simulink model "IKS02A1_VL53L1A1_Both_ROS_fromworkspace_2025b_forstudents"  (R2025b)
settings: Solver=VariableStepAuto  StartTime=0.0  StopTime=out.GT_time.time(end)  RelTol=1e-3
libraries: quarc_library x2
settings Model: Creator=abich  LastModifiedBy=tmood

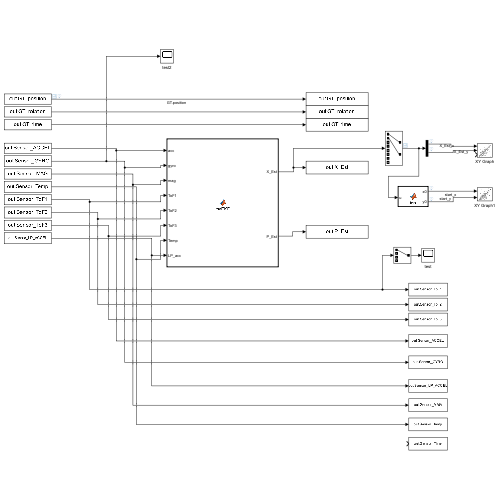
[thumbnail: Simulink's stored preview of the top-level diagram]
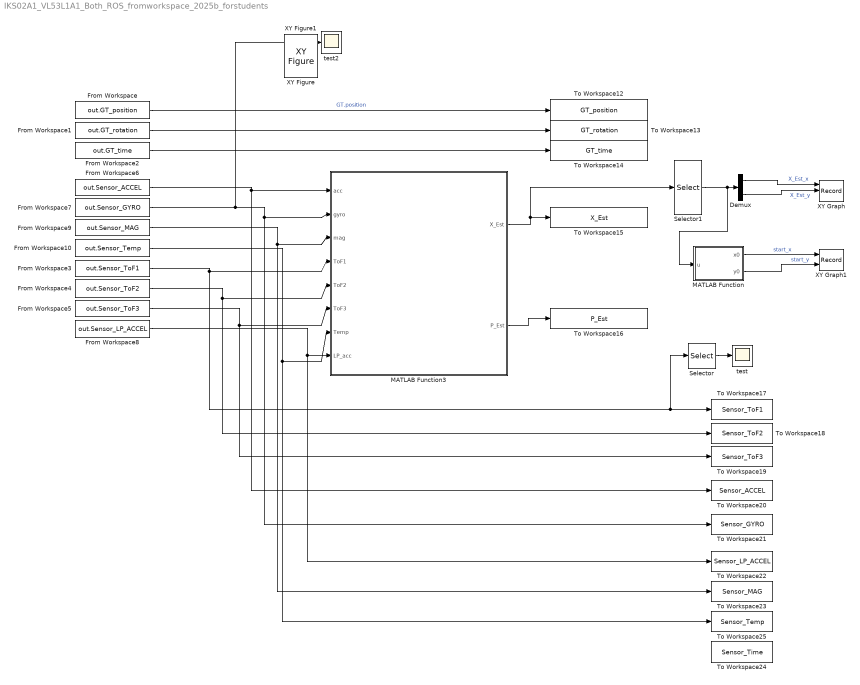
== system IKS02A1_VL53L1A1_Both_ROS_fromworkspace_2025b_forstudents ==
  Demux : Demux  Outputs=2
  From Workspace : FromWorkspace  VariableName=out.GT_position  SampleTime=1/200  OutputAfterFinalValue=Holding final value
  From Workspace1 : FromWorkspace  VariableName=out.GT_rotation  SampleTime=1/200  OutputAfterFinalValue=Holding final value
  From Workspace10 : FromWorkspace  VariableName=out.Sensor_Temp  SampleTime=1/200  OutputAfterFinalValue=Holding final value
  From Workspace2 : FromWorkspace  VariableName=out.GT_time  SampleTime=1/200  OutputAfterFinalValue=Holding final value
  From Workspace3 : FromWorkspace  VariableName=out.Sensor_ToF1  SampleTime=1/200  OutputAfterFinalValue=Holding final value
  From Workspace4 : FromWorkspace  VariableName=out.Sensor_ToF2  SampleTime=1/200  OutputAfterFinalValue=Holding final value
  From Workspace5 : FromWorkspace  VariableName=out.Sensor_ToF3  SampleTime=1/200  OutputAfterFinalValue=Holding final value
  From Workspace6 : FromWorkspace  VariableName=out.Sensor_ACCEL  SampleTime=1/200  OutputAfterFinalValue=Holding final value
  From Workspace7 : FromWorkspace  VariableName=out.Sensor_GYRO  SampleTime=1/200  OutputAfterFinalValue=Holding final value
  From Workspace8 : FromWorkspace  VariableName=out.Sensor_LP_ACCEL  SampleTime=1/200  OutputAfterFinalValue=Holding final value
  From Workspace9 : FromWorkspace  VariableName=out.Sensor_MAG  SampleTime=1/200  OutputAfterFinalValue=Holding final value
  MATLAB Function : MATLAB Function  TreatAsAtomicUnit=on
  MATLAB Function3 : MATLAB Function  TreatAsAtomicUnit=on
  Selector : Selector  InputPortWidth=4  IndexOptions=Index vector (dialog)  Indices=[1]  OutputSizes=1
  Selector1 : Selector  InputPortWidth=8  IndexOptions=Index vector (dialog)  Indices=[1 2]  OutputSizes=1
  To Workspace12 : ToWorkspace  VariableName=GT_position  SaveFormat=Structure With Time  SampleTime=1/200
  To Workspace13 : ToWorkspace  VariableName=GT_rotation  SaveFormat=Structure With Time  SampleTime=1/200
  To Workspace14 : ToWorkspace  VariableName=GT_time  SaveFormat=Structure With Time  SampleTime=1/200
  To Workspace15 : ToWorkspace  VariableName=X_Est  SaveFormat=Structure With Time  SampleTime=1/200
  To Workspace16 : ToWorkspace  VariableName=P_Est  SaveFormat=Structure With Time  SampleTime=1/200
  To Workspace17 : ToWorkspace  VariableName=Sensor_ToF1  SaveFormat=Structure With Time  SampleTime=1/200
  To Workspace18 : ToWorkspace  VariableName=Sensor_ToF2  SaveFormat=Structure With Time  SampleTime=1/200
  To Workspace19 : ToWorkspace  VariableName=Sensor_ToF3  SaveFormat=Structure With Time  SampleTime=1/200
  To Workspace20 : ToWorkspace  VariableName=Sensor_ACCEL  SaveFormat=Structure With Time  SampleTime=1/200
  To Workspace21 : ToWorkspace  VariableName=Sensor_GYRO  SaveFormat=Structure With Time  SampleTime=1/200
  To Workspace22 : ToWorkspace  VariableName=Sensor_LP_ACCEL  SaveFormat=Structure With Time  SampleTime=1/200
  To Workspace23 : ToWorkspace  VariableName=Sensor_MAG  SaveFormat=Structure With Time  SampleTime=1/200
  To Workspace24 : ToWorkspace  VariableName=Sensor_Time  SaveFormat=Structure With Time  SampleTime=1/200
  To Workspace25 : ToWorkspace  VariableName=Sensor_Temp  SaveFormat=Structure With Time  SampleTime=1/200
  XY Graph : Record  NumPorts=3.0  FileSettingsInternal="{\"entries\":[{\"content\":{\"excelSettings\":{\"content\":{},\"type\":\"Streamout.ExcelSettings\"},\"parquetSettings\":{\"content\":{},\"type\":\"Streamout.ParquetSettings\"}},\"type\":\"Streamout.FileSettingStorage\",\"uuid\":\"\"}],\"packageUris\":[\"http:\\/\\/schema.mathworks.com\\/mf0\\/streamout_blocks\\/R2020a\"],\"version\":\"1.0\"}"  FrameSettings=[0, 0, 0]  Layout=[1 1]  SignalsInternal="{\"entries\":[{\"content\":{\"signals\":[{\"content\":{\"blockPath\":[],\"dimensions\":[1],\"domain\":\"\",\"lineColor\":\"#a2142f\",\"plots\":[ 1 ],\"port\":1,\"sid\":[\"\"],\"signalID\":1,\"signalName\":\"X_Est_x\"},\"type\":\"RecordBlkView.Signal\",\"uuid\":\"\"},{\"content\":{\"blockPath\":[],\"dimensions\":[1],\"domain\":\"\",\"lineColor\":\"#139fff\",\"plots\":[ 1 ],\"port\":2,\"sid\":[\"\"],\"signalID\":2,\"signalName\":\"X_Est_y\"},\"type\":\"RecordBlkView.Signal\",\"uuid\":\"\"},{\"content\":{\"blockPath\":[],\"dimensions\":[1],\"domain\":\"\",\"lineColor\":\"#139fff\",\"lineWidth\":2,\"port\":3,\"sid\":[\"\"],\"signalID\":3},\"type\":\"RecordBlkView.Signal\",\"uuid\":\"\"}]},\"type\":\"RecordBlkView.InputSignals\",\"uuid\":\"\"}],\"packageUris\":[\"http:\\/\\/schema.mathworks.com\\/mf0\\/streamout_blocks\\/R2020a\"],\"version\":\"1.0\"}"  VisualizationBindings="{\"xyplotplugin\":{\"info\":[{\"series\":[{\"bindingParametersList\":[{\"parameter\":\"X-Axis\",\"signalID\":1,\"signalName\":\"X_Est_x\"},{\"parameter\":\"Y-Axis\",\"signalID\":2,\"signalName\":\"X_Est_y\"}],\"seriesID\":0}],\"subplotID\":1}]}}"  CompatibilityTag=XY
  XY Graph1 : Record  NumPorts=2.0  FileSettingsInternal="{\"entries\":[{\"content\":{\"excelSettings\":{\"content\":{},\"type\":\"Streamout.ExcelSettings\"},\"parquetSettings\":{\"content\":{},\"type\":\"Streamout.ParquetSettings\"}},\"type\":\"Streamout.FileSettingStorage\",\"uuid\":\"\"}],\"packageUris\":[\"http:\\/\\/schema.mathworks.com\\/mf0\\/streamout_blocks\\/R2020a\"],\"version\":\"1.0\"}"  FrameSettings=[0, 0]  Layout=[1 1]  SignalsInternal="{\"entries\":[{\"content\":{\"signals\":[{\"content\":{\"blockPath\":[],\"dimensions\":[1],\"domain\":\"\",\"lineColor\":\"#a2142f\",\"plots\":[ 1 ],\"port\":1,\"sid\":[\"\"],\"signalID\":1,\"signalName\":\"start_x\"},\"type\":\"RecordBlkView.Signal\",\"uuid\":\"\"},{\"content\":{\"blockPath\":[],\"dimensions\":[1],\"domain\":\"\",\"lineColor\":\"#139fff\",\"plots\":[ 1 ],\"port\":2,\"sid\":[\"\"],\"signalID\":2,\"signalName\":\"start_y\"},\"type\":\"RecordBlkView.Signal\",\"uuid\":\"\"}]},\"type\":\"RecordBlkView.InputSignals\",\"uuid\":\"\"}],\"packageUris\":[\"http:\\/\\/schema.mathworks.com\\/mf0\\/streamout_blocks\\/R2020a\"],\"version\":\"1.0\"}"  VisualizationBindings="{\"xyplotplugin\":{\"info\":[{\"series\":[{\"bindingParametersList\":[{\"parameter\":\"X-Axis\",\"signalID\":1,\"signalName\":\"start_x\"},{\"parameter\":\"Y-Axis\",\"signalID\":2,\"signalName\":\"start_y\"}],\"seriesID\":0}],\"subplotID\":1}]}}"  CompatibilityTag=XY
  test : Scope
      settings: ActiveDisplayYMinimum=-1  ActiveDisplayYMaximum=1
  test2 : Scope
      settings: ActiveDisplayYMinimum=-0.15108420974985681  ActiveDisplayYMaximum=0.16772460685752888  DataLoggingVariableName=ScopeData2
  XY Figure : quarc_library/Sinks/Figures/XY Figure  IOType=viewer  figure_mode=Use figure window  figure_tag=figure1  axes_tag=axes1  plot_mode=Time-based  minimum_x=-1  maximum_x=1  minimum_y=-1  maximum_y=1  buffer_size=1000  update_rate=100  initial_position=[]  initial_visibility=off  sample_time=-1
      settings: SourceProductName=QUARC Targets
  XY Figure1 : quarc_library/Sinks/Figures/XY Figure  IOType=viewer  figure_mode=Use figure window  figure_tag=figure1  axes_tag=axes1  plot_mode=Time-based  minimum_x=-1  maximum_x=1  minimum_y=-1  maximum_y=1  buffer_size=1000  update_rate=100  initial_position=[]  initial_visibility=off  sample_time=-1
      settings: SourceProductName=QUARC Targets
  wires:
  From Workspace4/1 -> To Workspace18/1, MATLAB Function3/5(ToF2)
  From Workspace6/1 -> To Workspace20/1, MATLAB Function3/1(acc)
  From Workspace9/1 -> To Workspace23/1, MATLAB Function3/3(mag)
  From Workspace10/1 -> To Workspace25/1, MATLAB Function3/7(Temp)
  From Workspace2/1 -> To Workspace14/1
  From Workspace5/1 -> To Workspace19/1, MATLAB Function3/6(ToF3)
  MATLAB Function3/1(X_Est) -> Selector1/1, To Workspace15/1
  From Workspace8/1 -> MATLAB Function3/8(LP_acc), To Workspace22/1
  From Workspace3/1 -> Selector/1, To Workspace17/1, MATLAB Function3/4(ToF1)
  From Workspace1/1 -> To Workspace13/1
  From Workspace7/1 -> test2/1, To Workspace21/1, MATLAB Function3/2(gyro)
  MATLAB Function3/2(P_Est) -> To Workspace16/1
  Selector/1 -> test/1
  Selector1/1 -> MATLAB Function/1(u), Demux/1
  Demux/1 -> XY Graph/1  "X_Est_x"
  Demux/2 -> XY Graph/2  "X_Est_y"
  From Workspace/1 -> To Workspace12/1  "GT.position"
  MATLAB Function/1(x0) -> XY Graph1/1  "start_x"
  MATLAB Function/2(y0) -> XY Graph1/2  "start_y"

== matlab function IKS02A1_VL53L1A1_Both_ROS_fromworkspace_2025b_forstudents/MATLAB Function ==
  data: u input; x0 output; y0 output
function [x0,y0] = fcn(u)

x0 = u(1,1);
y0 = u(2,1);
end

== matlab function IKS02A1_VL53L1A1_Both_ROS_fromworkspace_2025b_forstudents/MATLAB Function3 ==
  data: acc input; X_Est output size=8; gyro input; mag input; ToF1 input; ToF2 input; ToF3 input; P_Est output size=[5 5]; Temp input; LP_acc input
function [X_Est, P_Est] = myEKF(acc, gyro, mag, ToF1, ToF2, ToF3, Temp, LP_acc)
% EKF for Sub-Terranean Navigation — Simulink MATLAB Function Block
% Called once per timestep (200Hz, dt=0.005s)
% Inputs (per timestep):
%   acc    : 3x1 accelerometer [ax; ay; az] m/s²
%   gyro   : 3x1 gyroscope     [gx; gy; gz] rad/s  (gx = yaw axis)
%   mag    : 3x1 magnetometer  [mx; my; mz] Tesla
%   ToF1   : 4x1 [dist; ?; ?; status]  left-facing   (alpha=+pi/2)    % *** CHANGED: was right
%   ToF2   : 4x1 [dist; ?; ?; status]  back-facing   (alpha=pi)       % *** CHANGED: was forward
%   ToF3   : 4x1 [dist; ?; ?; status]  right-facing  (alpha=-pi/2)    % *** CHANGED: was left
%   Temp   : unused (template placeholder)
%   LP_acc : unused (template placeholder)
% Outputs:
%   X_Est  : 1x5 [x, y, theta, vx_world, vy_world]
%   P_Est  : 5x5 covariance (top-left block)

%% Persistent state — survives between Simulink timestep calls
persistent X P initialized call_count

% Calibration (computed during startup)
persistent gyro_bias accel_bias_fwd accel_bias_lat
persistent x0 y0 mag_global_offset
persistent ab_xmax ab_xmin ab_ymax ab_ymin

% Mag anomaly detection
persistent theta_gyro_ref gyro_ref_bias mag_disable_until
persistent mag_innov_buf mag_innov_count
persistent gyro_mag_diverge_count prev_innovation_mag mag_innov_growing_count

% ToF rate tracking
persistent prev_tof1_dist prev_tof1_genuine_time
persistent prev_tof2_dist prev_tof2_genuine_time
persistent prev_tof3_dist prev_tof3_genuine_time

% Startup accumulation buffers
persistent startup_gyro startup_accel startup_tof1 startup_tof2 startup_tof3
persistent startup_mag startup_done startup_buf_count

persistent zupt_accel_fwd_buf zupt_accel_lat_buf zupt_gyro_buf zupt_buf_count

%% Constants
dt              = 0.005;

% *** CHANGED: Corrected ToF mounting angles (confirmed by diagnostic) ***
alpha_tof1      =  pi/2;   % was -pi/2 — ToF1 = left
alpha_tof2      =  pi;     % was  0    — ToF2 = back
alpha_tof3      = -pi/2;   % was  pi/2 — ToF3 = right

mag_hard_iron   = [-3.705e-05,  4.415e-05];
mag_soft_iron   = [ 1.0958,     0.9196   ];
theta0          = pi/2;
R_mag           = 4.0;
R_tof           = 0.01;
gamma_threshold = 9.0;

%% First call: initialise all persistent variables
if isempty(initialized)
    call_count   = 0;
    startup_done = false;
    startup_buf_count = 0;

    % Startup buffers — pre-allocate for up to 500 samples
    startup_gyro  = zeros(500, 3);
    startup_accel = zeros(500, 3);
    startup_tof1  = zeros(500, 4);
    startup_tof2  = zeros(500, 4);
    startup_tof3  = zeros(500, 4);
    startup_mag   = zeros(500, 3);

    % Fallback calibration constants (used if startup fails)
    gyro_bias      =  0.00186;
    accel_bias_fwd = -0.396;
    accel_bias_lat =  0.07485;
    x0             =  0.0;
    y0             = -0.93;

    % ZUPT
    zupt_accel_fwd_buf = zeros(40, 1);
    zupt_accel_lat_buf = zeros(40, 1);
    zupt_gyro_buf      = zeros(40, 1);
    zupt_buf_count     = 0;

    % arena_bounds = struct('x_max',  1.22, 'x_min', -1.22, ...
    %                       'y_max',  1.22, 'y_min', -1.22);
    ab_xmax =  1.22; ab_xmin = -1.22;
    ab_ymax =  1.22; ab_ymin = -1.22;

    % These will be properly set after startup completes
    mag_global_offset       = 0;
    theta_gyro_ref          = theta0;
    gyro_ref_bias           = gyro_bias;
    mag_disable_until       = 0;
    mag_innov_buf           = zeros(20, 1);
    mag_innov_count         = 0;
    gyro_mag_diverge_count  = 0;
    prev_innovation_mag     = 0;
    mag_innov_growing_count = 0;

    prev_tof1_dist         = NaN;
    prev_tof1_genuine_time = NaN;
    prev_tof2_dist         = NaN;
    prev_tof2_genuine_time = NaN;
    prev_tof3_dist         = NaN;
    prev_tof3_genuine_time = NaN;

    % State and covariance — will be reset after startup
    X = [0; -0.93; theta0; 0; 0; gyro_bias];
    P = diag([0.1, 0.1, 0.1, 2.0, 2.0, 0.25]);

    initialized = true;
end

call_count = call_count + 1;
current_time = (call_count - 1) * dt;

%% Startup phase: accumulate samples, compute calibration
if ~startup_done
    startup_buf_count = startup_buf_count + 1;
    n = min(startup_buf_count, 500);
+ + +
WHAT YOU SHOULD DO:
Given the listing, work out the number of lines in which the word "initialized" is found, and supply only that number.

TASK OUTPUT:
3